– Если я тебя разлюблю, то настанет конец мира, – говорил он, смеясь. – При нашей жизни этого не будет.
Они еще не были мужем и женой, и он еще не познал, что семейная ссора, размолвка или ревность почти всегда дают преимущество не мужчине, а женщине, как бы незащищенной, униженной и этой слабостью в конце концов одерживающей победу.
Но что-то мгновенно весело изменялось в ее лице, фигуре, походке, когда они прощались утром. Он стоял в раскрытых дверях, провожая ее. Она спускалась по лестнице, скользяще хватаясь за перила рукой. А внизу она кивала с гордой сдержанностью, словно они были еле знакомы, и хлопала дверь крыльца, выпуская ее, и вваливался в парадное морозный пар со двора.
Только раз он решился посмотреть в окно, чтобы увидеть на улице выражение ее лица. Она шла быстро по расчищенному от снега тротуару и быстро удалялась, он видел виляющее ее пальто и белые сапожки на острых каблуках (так твердо, радостно умеющих стучать в асфальт), но не увидел ее лица – она до глаз укуталась в мех воротника.
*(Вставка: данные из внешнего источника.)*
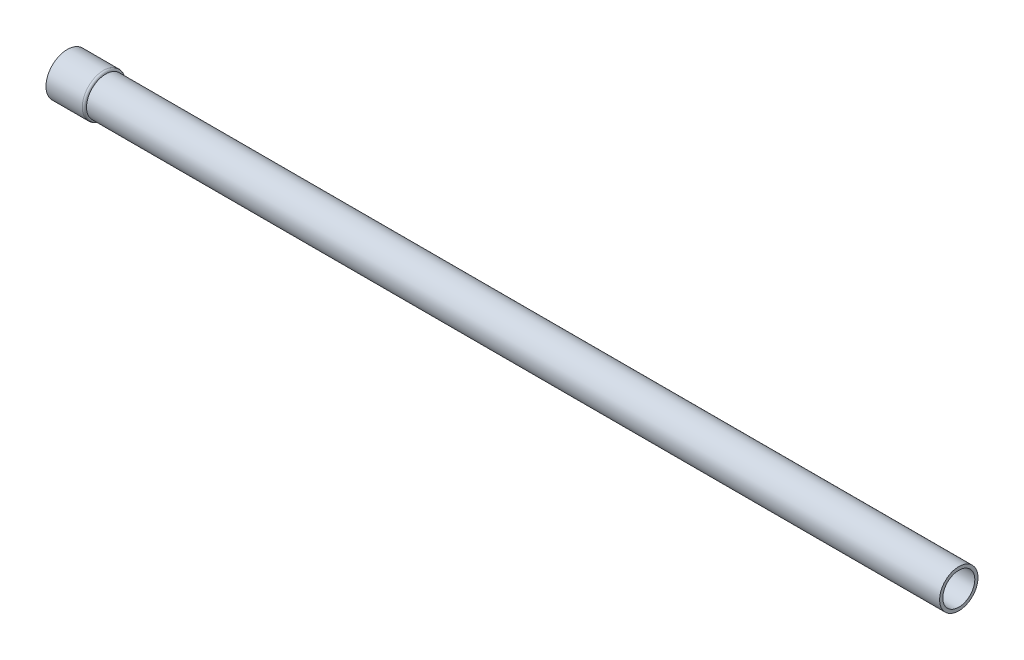
ISO-10303-21;
HEADER;
FILE_DESCRIPTION(('STEP AP214'),'2;1');
FILE_NAME('part.step','',(''),(''),'','','');
FILE_SCHEMA(('AUTOMOTIVE_DESIGN { 1 0 10303 214 1 1 1 1 }'));
ENDSEC;
DATA;
#1=APPLICATION_CONTEXT('core data for automotive mechanical design processes');
#2=APPLICATION_PROTOCOL_DEFINITION('international standard','automotive_design',2000,#1);
#3=PRODUCT_CONTEXT('',#1,'mechanical');
#4=PRODUCT('Part','Part','',(#3));
#5=PRODUCT_RELATED_PRODUCT_CATEGORY('part','',(#4));
#6=PRODUCT_DEFINITION_FORMATION('','',#4);
#7=PRODUCT_DEFINITION_CONTEXT('part definition',#1,'design');
#8=PRODUCT_DEFINITION('design','',#6,#7);
#9=PRODUCT_DEFINITION_SHAPE('','',#8);
#10=(LENGTH_UNIT() NAMED_UNIT(*) SI_UNIT(.MILLI.,.METRE.));
#11=(NAMED_UNIT(*) PLANE_ANGLE_UNIT() SI_UNIT($,.RADIAN.));
#12=(NAMED_UNIT(*) SI_UNIT($,.STERADIAN.) SOLID_ANGLE_UNIT());
#13=UNCERTAINTY_MEASURE_WITH_UNIT(LENGTH_MEASURE(1.E-05),#10,'distance_accuracy_value','');
#14=(GEOMETRIC_REPRESENTATION_CONTEXT(3) GLOBAL_UNCERTAINTY_ASSIGNED_CONTEXT((#13)) GLOBAL_UNIT_ASSIGNED_CONTEXT((#10,
#11,#12)) REPRESENTATION_CONTEXT('',''));
#15=CARTESIAN_POINT('',(0.,0.,0.));
#16=DIRECTION('',(0.,0.,1.));
#17=DIRECTION('',(1.,0.,0.));
#18=AXIS2_PLACEMENT_3D('',#15,#16,#17);
#19=CARTESIAN_POINT('',(0.,0.,0.));
#20=DIRECTION('',(1.,0.,0.));
#21=DIRECTION('',(0.,0.,-1.));
#22=AXIS2_PLACEMENT_3D('',#19,#20,#21);
#23=PLANE('',#22);
#24=CARTESIAN_POINT('',(0.,0.,0.));
#25=DIRECTION('',(1.,0.,0.));
#26=DIRECTION('',(0.,0.,-1.));
#27=AXIS2_PLACEMENT_3D('',#24,#25,#26);
#28=CIRCLE('',#27,7.5);
#29=CARTESIAN_POINT('',(0.,0.,-7.5));
#30=VERTEX_POINT('',#29);
#31=EDGE_CURVE('E57',#30,#30,#28,.T.);
#32=ORIENTED_EDGE('',*,*,#31,.T.);
#33=EDGE_LOOP('',(#32));
#34=FACE_BOUND('',#33,.T.);
#35=CARTESIAN_POINT('',(0.,0.,0.));
#36=DIRECTION('',(1.,0.,0.));
#37=DIRECTION('',(0.,0.,-1.));
#38=AXIS2_PLACEMENT_3D('',#35,#36,#37);
#39=CIRCLE('',#38,8.5);
#40=CARTESIAN_POINT('',(0.,0.,-8.5));
#41=VERTEX_POINT('',#40);
#42=EDGE_CURVE('E44',#41,#41,#39,.T.);
#43=ORIENTED_EDGE('',*,*,#42,.F.);
#44=EDGE_LOOP('',(#43));
#45=FACE_BOUND('',#44,.T.);
#46=ADVANCED_FACE('F36',(#34,#45),#23,.F.);
#47=CARTESIAN_POINT('',(400.,0.,0.));
#48=DIRECTION('',(1.,0.,0.));
#49=DIRECTION('',(0.,0.,-1.));
#50=AXIS2_PLACEMENT_3D('',#47,#48,#49);
#51=PLANE('',#50);
#52=CARTESIAN_POINT('',(400.,0.,0.));
#53=DIRECTION('',(1.,0.,0.));
#54=DIRECTION('',(0.,0.,-1.));
#55=AXIS2_PLACEMENT_3D('',#52,#53,#54);
#56=CIRCLE('',#55,9.);
#57=CARTESIAN_POINT('',(400.,0.,-9.));
#58=VERTEX_POINT('',#57);
#59=EDGE_CURVE('E49',#58,#58,#56,.T.);
#60=ORIENTED_EDGE('',*,*,#59,.T.);
#61=EDGE_LOOP('',(#60));
#62=FACE_BOUND('',#61,.T.);
#63=CARTESIAN_POINT('',(400.,0.,0.));
#64=DIRECTION('',(1.,0.,0.));
#65=DIRECTION('',(0.,0.,-1.));
#66=AXIS2_PLACEMENT_3D('',#63,#64,#65);
#67=CIRCLE('',#66,7.5);
#68=CARTESIAN_POINT('',(400.,0.,-7.5));
#69=VERTEX_POINT('',#68);
#70=EDGE_CURVE('E54',#69,#69,#67,.T.);
#71=ORIENTED_EDGE('',*,*,#70,.F.);
#72=EDGE_LOOP('',(#71));
#73=FACE_BOUND('',#72,.T.);
#74=ADVANCED_FACE('F97',(#62,#73),#51,.T.);
#75=CARTESIAN_POINT('',(400.,0.,0.));
#76=DIRECTION('',(-1.,0.,0.));
#77=DIRECTION('',(0.,0.,1.));
#78=AXIS2_PLACEMENT_3D('',#75,#76,#77);
#79=CYLINDRICAL_SURFACE('',#78,9.);
#80=ORIENTED_EDGE('',*,*,#59,.F.);
#81=EDGE_LOOP('',(#80));
#82=FACE_BOUND('',#81,.T.);
#83=CARTESIAN_POINT('',(0.,0.,0.));
#84=DIRECTION('',(1.,0.,0.));
#85=DIRECTION('',(0.,0.,-1.));
#86=AXIS2_PLACEMENT_3D('',#83,#84,#85);
#87=CIRCLE('',#86,9.);
#88=CARTESIAN_POINT('',(0.,0.,-9.));
#89=VERTEX_POINT('',#88);
#90=EDGE_CURVE('E61',#89,#89,#87,.T.);
#91=ORIENTED_EDGE('',*,*,#90,.T.);
#92=EDGE_LOOP('',(#91));
#93=FACE_BOUND('',#92,.T.);
#94=ADVANCED_FACE('F92',(#82,#93),#79,.T.);
#95=CARTESIAN_POINT('',(400.,0.,0.));
#96=DIRECTION('',(-1.,0.,0.));
#97=DIRECTION('',(0.,0.,1.));
#98=AXIS2_PLACEMENT_3D('',#95,#96,#97);
#99=CYLINDRICAL_SURFACE('',#98,7.5);
#100=ORIENTED_EDGE('',*,*,#70,.T.);
#101=EDGE_LOOP('',(#100));
#102=FACE_BOUND('',#101,.T.);
#103=ORIENTED_EDGE('',*,*,#31,.F.);
#104=EDGE_LOOP('',(#103));
#105=FACE_BOUND('',#104,.T.);
#106=ADVANCED_FACE('F82',(#102,#105),#99,.F.);
#107=CARTESIAN_POINT('',(28.2842712474619,0.,0.));
#108=DIRECTION('',(-1.,0.,0.));
#109=DIRECTION('',(0.,0.,1.));
#110=AXIS2_PLACEMENT_3D('',#107,#108,#109);
#111=CYLINDRICAL_SURFACE('',#110,10.);
#112=CARTESIAN_POINT('',(-1.,0.,0.));
#113=DIRECTION('',(1.,0.,0.));
#114=DIRECTION('',(0.,0.,-1.));
#115=AXIS2_PLACEMENT_3D('',#112,#113,#114);
#116=CIRCLE('',#115,10.);
#117=CARTESIAN_POINT('',(-1.,0.,-10.));
#118=VERTEX_POINT('',#117);
#119=EDGE_CURVE('E10',#118,#118,#116,.F.);
#120=ORIENTED_EDGE('',*,*,#119,.T.);
#121=EDGE_LOOP('',(#120));
#122=FACE_BOUND('',#121,.T.);
#123=CARTESIAN_POINT('',(-18.,0.,0.));
#124=DIRECTION('',(-1.,0.,0.));
#125=DIRECTION('',(0.,0.,1.));
#126=AXIS2_PLACEMENT_3D('',#123,#124,#125);
#127=CIRCLE('',#126,10.);
#128=CARTESIAN_POINT('',(-18.,0.,10.));
#129=VERTEX_POINT('',#128);
#130=EDGE_CURVE('E68',#129,#129,#127,.T.);
#131=ORIENTED_EDGE('',*,*,#130,.F.);
#132=EDGE_LOOP('',(#131));
#133=FACE_BOUND('',#132,.T.);
#134=ADVANCED_FACE('F79',(#122,#133),#111,.T.);
#135=CARTESIAN_POINT('',(28.2842712474619,0.,0.));
#136=DIRECTION('',(-1.,0.,0.));
#137=DIRECTION('',(0.,0.,1.));
#138=AXIS2_PLACEMENT_3D('',#135,#136,#137);
#139=CYLINDRICAL_SURFACE('',#138,8.5);
#140=CARTESIAN_POINT('',(-18.,0.,0.));
#141=DIRECTION('',(-1.,0.,0.));
#142=DIRECTION('',(0.,0.,1.));
#143=AXIS2_PLACEMENT_3D('',#140,#141,#142);
#144=CIRCLE('',#143,8.5);
#145=CARTESIAN_POINT('',(-18.,0.,8.5));
#146=VERTEX_POINT('',#145);
#147=EDGE_CURVE('E69',#146,#146,#144,.T.);
#148=ORIENTED_EDGE('',*,*,#147,.T.);
#149=EDGE_LOOP('',(#148));
#150=FACE_BOUND('',#149,.T.);
#151=ORIENTED_EDGE('',*,*,#42,.T.);
#152=EDGE_LOOP('',(#151));
#153=FACE_BOUND('',#152,.T.);
#154=ADVANCED_FACE('F81',(#150,#153),#139,.F.);
#155=CARTESIAN_POINT('',(-18.,0.,0.));
#156=DIRECTION('',(-1.,0.,0.));
#157=DIRECTION('',(0.,0.,1.));
#158=AXIS2_PLACEMENT_3D('',#155,#156,#157);
#159=PLANE('',#158);
#160=ORIENTED_EDGE('',*,*,#147,.F.);
#161=EDGE_LOOP('',(#160));
#162=FACE_BOUND('',#161,.T.);
#163=ORIENTED_EDGE('',*,*,#130,.T.);
#164=EDGE_LOOP('',(#163));
#165=FACE_BOUND('',#164,.T.);
#166=ADVANCED_FACE('F77',(#162,#165),#159,.T.);
#167=CARTESIAN_POINT('',(-1.,0.,0.));
#168=DIRECTION('',(1.,0.,0.));
#169=DIRECTION('',(0.,0.,-1.));
#170=AXIS2_PLACEMENT_3D('',#167,#168,#169);
#171=TOROIDAL_SURFACE('',#170,9.,1.);
#172=ORIENTED_EDGE('',*,*,#90,.F.);
#173=EDGE_LOOP('',(#172));
#174=FACE_BOUND('',#173,.T.);
#175=ORIENTED_EDGE('',*,*,#119,.F.);
#176=EDGE_LOOP('',(#175));
#177=FACE_BOUND('',#176,.T.);
#178=ADVANCED_FACE('F38',(#174,#177),#171,.T.);
#179=CLOSED_SHELL('',(#46,#74,#94,#106,#134,#154,#166,#178));
#180=MANIFOLD_SOLID_BREP('B2',#179);
#181=ADVANCED_BREP_SHAPE_REPRESENTATION('',(#18,#180),#14);
#182=SHAPE_DEFINITION_REPRESENTATION(#9,#181);
ENDSEC;
END-ISO-10303-21;

Быть может, поэтому после ее смерти стук женских каблуков постоянно напоминал ему те зимние замоскворецкие вечера, дымящиеся в холоде огни и ее, уже не живущую на белом свете, и все чистое, молодое, что было в далеких, невозвратимых московских декабрях их первой близости.
Много лет спустя Дроздову снился один и тот же гибельный сон – будто он шел по талому льду реки, и вдруг лед начинал шататься, расходиться, проваливаться под ногами, и он спиной медленно падал, заваливался назад, погружаясь в черную пучину, захлебываясь, с забитым водой горлом, прощаясь с ней, единственной, которой уже не было…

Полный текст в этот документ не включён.